_What is required:_
Your reply should be a faithful copy of the records below, free of pictures.

_Given data:_
***

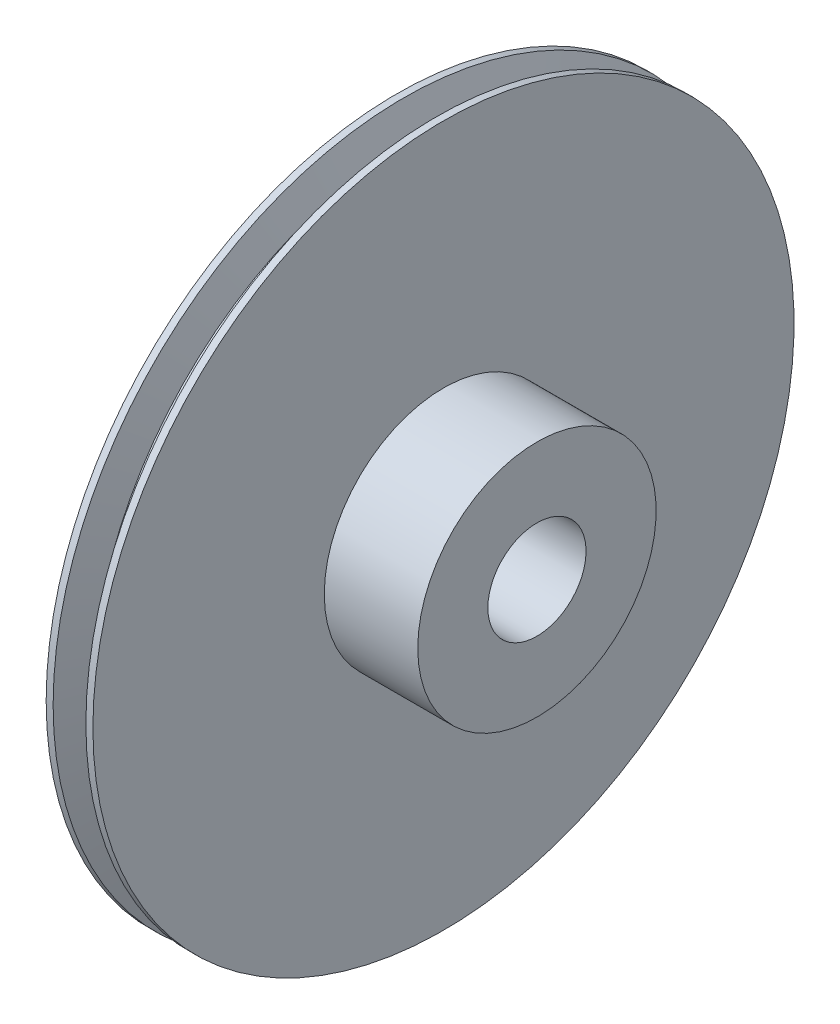
SolidWorks part; units mm, degrees
ref_plane "Front Plane" through (0, 0, 0) normal (0, 0, 1) x (1, 0, 0)
ref_plane "Top Plane" through (0, 0, 0) normal (0, 1, 0) x (1, 0, 0)
ref_plane "Right Plane" through (0, 0, 0) normal (1, 0, 0) x (0, 0, -1)
sketch "Sketch1" plane through (0, 0, 0) normal (0, 0, 1) x (1, 0, 0)
  line L0 (0, 0) -> (120.6523, 0) construction
  line L1 (0, 10.5) -> (0, 75)
  line L7 (10, 75) -> (10, 25.5)
  line L8 (10, 25.5) -> (30, 25.5)
  line L9 (30, 25.5) -> (30, 10.5)
  line L10 (30, 10.5) -> (0, 10.5)
  line L11 (0, 75) -> (1.4895, 75)
  line L12 (5, 68.9272) -> (5, 10.5) construction
  line L13 (3.8197, 68.9272) -> (6.1803, 68.9272)
  line L14 (6.1803, 68.9272) -> (8.496, 75)
  line L15 (3.8197, 68.9272) -> (1.4895, 75)
  line L16 (8.496, 75) -> (10, 75)
  point P5 (0, 0)
  point P15 (5, 68.9272)
  dimension "D1" = 10.5
  dimension "D2" = 75
  dimension "D3" = 30
  dimension "D4" = 20
  dimension "D5" = 2.3605
  dimension "D6" = 1.4895
  dimension "D7" = 1.504
  dimension "D8" = 6.0728
  dimension "D9" = 5
  dimension "D10" = 15
revolve "Revolve1" add sketch "Sketch1" angle 360 about L0
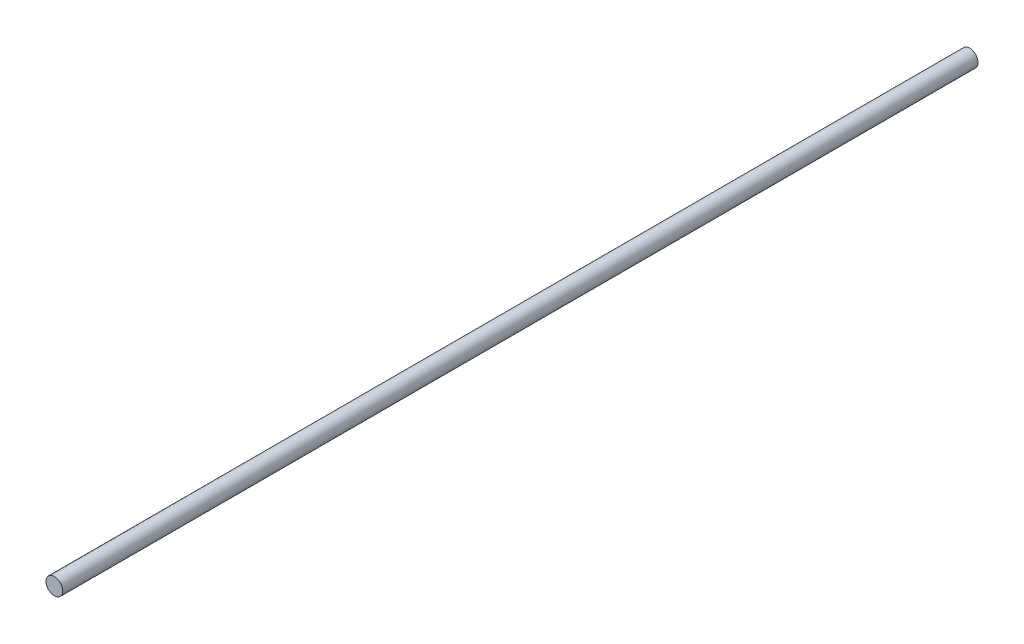
SolidWorks part; units mm, degrees
ref_plane "正面" through (0, 0, 0) normal (0, 0, 1) x (1, 0, 0)
ref_plane "平面" through (0, 0, 0) normal (0, 1, 0) x (1, 0, 0)
ref_plane "右側面" through (0, 0, 0) normal (1, 0, 0) x (0, 0, -1)
sketch "ｽｹｯﾁ1" plane through (0, 0, 0) normal (0, 0, 1) x (1, 0, 0)
  circle A0 centre (0, 0) radius 2.75
  dimension "D1" = 5.5
extrude "ﾎﾞｽ - 押し出し1" add sketch "ｽｹｯﾁ1" along normal blind 300

***

_Written solution:_
SolidWorks part; units mm, degrees
ref_plane "Front Plane" through (0, 0, 0) normal (0, 0, 1) x (1, 0, 0)
ref_plane "Top Plane" through (0, 0, 0) normal (0, 1, 0) x (1, 0, 0)
ref_plane "Right Plane" through (0, 0, 0) normal (1, 0, 0) x (0, 0, -1)
sketch "Sketch1" plane through (0, 0, 0) normal (0, 0, 1) x (1, 0, 0)
  line L0 (0, 0) -> (120.6523, 0) construction
  line L1 (0, 10.5) -> (0, 75)
  line L7 (10, 75) -> (10, 25.5)
  line L8 (10, 25.5) -> (30, 25.5)
  line L9 (30, 25.5) -> (30, 10.5)
  line L10 (30, 10.5) -> (0, 10.5)
  line L11 (0, 75) -> (1.4895, 75)
  line L12 (5, 68.9272) -> (5, 10.5) construction
  line L13 (3.8197, 68.9272) -> (6.1803, 68.9272)
  line L14 (6.1803, 68.9272) -> (8.496, 75)
  line L15 (3.8197, 68.9272) -> (1.4895, 75)
  line L16 (8.496, 75) -> (10, 75)
  point P5 (0, 0)
  point P15 (5, 68.9272)
  dimension "D1" = 10.5
  dimension "D2" = 75
  dimension "D3" = 30
  dimension "D4" = 20
  dimension "D5" = 2.3605
  dimension "D6" = 1.4895
  dimension "D7" = 1.504
  dimension "D8" = 6.0728
  dimension "D9" = 5
  dimension "D10" = 15
revolve "Revolve1" add sketch "Sketch1" angle 360 about L0
SolidWorks part; units mm, degrees
ref_plane "正面" through (0, 0, 0) normal (0, 0, 1) x (1, 0, 0)
ref_plane "平面" through (0, 0, 0) normal (0, 1, 0) x (1, 0, 0)
ref_plane "右側面" through (0, 0, 0) normal (1, 0, 0) x (0, 0, -1)
sketch "ｽｹｯﾁ1" plane through (0, 0, 0) normal (0, 0, 1) x (1, 0, 0)
  circle A0 centre (0, 0) radius 2.75
  dimension "D1" = 5.5
extrude "ﾎﾞｽ - 押し出し1" add sketch "ｽｹｯﾁ1" along normal blind 300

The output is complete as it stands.